Этой разницы не знают и сами служители тюрьмы. При всем их отвратительном отношении к содержащимся, — в них нет чувства превосходства, нет сознания, что они — хорошие, а те — дурные, и это делает их власть еще более отвратительной, лишая ее всякого нравственного содержания. Все равны и все — случай. Вот что знают здесь все. Сегодняшний надзиратель завтра же превращается в такого же арестанта, как и другие, если перепьется, и начальник пошлет его на семь суток в арестовку.
Та сила, которая созидает здание — общество и сегодня кладет один камень во главу его угла, может завтра же сбросить его оттуда и употребить на облицовку клоаки...
Чего стыдиться тогда? Зачем бояться того, что один заклеймен словом “вор”, а другой — тюремщик?! То, что так дико и страшно другим, позорное в “арестантском”, здесь не дико, не страшно. Каждый занят лишь тем, чтобы прожить свой день, и живет “своим” на том пути, на который поставила его чуждая ему и внешняя для него сила — жизнь.
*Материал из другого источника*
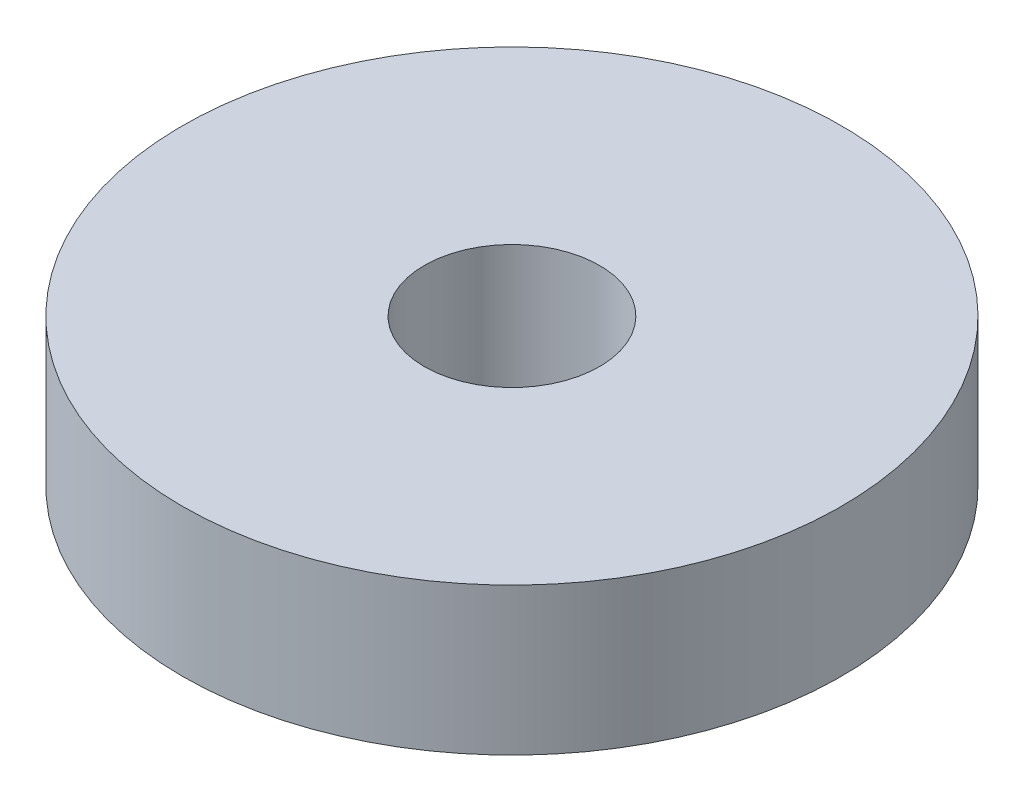
SolidWorks part; units mm, degrees
ref_plane "Front Plane" through (0, 0, 0) normal (0, 0, 1) x (1, 0, 0)
ref_plane "Top Plane" through (0, 0, 0) normal (0, 1, 0) x (1, 0, 0)
ref_plane "Right Plane" through (0, 0, 0) normal (1, 0, 0) x (0, 0, -1)
sketch "Sketch1" plane through (0, 0, 0) normal (0, 1, 0) x (1, 0, 0)
  circle A0 centre (0, 0) radius 2.5
  circle A1 centre (0, 0) radius 9.4
  dimension "D1" = 5
  dimension "D2" = 18.8
extrude "Boss-Extrude1" add sketch "Sketch1" along normal blind 4.2
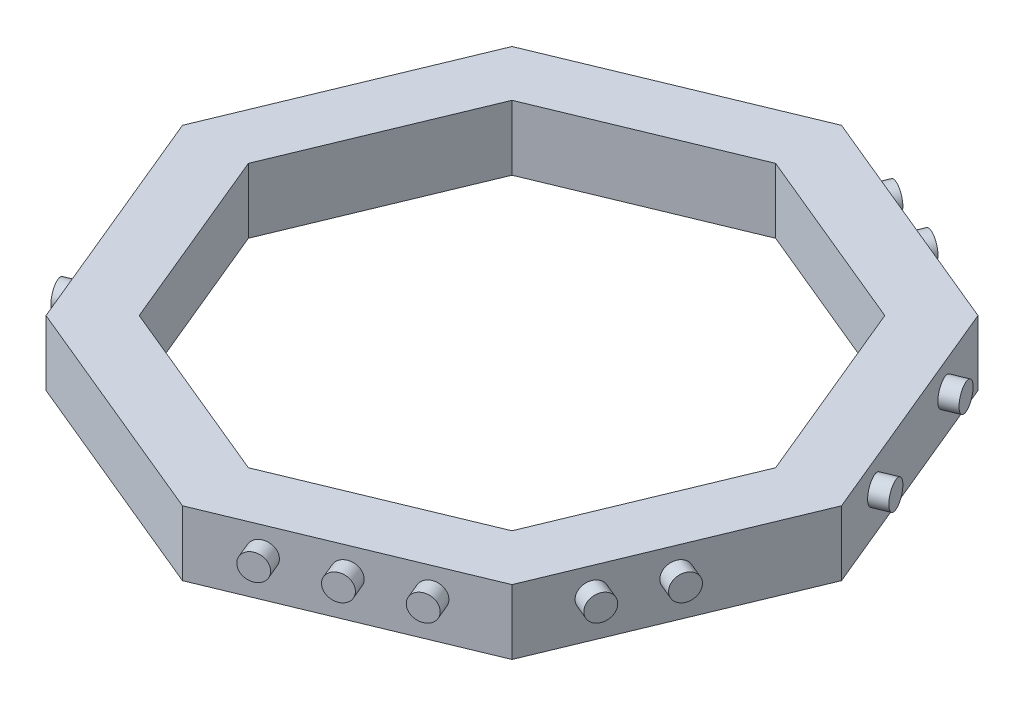
SolidWorks part; units mm, degrees
ref_plane "Front Plane" through (0, 0, 0) normal (0, 0, 1) x (1, 0, 0)
ref_plane "Top Plane" through (0, 0, 0) normal (0, 1, 0) x (1, 0, 0)
ref_plane "Right Plane" through (0, 0, 0) normal (1, 0, 0) x (0, 0, -1)
sketch "Sketch3" plane through (0, 0, 0) normal (0, 1, 0) x (1, 0, 0)
  line L1 (25.4, 0) -> (17.9605, 17.9605)
  line L2 (17.9605, 17.9605) -> (0, 25.4)
  line L3 (0, 25.4) -> (-17.9605, 17.9605)
  line L4 (-17.9605, 17.9605) -> (-25.4, 0)
  line L5 (-25.4, 0) -> (-17.9605, -17.9605)
  line L6 (-17.9605, -17.9605) -> (0, -25.4)
  line L7 (0, -25.4) -> (17.9605, -17.9605)
  line L8 (17.9605, -17.9605) -> (25.4, 0)
  circle A0 centre (0, 0) radius 23.4665 construction
  dimension "D1" = 25.4
extrude "Boss-Extrude1" add sketch "Sketch3" along normal blind 5
sketch "Sketch5" plane through (0, 5, 0) normal (0, 1, 0) x (1, 0, 0)
  line L1 (20.32, 0) -> (14.3684, 14.3684)
  line L2 (14.3684, 14.3684) -> (0, 20.32)
  line L3 (0, 20.32) -> (-14.3684, 14.3684)
  line L4 (-14.3684, 14.3684) -> (-20.32, 0)
  line L5 (-20.32, 0) -> (-14.3684, -14.3684)
  line L6 (-14.3684, -14.3684) -> (0, -20.32)
  line L7 (0, -20.32) -> (14.3684, -14.3684)
  line L8 (14.3684, -14.3684) -> (20.32, 0)
  circle A0 centre (0, 0) radius 18.7732 construction
  dimension "D1" = 20.32
extrude "Cut-Extrude1" cut sketch "Sketch5" against normal blind 5
sketch "Sketch6" plane through (8.9803, 0, 21.6803) normal (0.3827, 0, 0.9239) x (0.9239, 0, -0.3827)
  circle A0 centre (0, 3) radius 1
  circle A1 centre (-5, 3) radius 1
  circle A2 centre (5, 3) radius 1
sketch "Sketch7" plane through (-21.6803, 0, 8.9803) normal (-0.9239, 0, 0.3827) x (0.3827, 0, 0.9239)
  circle A0 centre (5, 3) radius 1
sketch "Sketch8" plane through (-21.6803, 0, -8.9803) normal (-0.9239, 0, -0.3827) x (-0.3827, 0, 0.9239)
  circle A0 centre (0, 3) radius 1
sketch "Sketch9" plane through (-8.9803, 0, -21.6803) normal (-0.3827, 0, -0.9239) x (-0.9239, 0, 0.3827)
  circle A0 centre (-5, 3) radius 1
sketch "Sketch10" plane through (8.9803, 0, -21.6803) normal (0.3827, 0, -0.9239) x (-0.9239, 0, -0.3827)
  circle A0 centre (0, 3) radius 1
  circle A1 centre (5, 3) radius 1
sketch "Sketch11" plane through (21.6803, 0, -8.9803) normal (0.9239, 0, -0.3827) x (-0.3827, 0, -0.9239)
  circle A0 centre (5, 3) radius 1
  circle A1 centre (-5, 3) radius 1
sketch "Sketch12" plane through (21.6803, 0, 8.9803) normal (0.9239, 0, 0.3827) x (0.3827, 0, -0.9239)
  circle A0 centre (0, 3) radius 1
  circle A1 centre (-5, 3) radius 1
extrude "Boss-Extrude5" add sketch "Sketch6" along normal blind 1.25 contours A2 | A1 | A0
extrude "Boss-Extrude6" add sketch "Sketch7" along normal blind 1.25 contours A0
extrude "Boss-Extrude7" add sketch "Sketch8" along normal blind 1.25 contours A0
extrude "Boss-Extrude8" add sketch "Sketch9" along normal blind 1.25 contours A0
extrude "Boss-Extrude12" add sketch "Sketch10" along normal blind 1.25 contours A0 | A1
extrude "Boss-Extrude13" add sketch "Sketch11" along normal blind 1.25 contours A1 | A0
extrude "Boss-Extrude14" add sketch "Sketch12" along normal blind 1.25 contours A1 | A0

— Ты что воровал? — спрашиваю я кривого, тупого рецидивиста.
— Да так, по машинам ходил! — машет он равнодушно рукой и вдруг оживляется. — Эх, был бы у меня другой глаз, так разве бы я так стал воровать, — я бы коней крал!
И он блестит своим одним глазом.
Кто смеет его упрекнуть, осудить здесь?!
И странные мысли крутятся в моей голове.
. . . . . . . . . . . . . . . . . . . . . . . .
Я иду с этапом. Люди с сожалением, не то со страхом взирают на нас. Но все путается во мне. Почему все? Почему я политический? Почему арестант? Почему не конокрад, идущий теперь со мной рядом? Какая разница в этом? Какая разница в том, что он переодевался жандармом и обокрал помещика, а я ездил по селам и учил крестьян своей правде? Кто произвел эту разницу? Кто она, эта глухая, темная сила жизни?
Вот толстый купец с лоснящимся лбом самодовольно посылает нам подаяние. Но чем он лучше нас, или мы его — и кто вор из нас, кто не вор? Кто убийца, кто нет? Почему исправник, этот черный мужчина с разбойничьим шрамом на щеке, убивающий и засекающий крестьян до смерти и как-то кичащийся этим, почему он, когда он раз приезжал к нам в тюрьму и ругался по матери, потом довольный, грузный, затянутый в свой китель, уходил из нее, а не оставался в ней закованным в кандалы? Чем лучше он Калачова-разбойника, такого же огромного, рослого и спесивого своим телом и тоже забывшего счет своим убийствам и кражам?
Мужик передо мной, белый и ласковый парень, оборачивается ко мне и смотрит на меня почти с благоговением. Ему хочется идти рядом. Но он не смеет просить меня об этом. Он один из тех, кто писал мне в тюрьме, но еще ни разу не говорил со мной. И ему теперь лестно, что он видит меня, “товарища”, от которого слышал столько умных вещей. Но что мое в этом? Может быть, юноша-конторщик, который так мучительно завидовал мне в тюрьме, завидовал моей образованности, моей свободе, был бы в тысячу раз достойнее меня на моем месте. И он ли виноват в том, что он родился у прачки в уездном городе, а я ... и я украл его место в мире раньше, чем он родился. И я убийца его и вор.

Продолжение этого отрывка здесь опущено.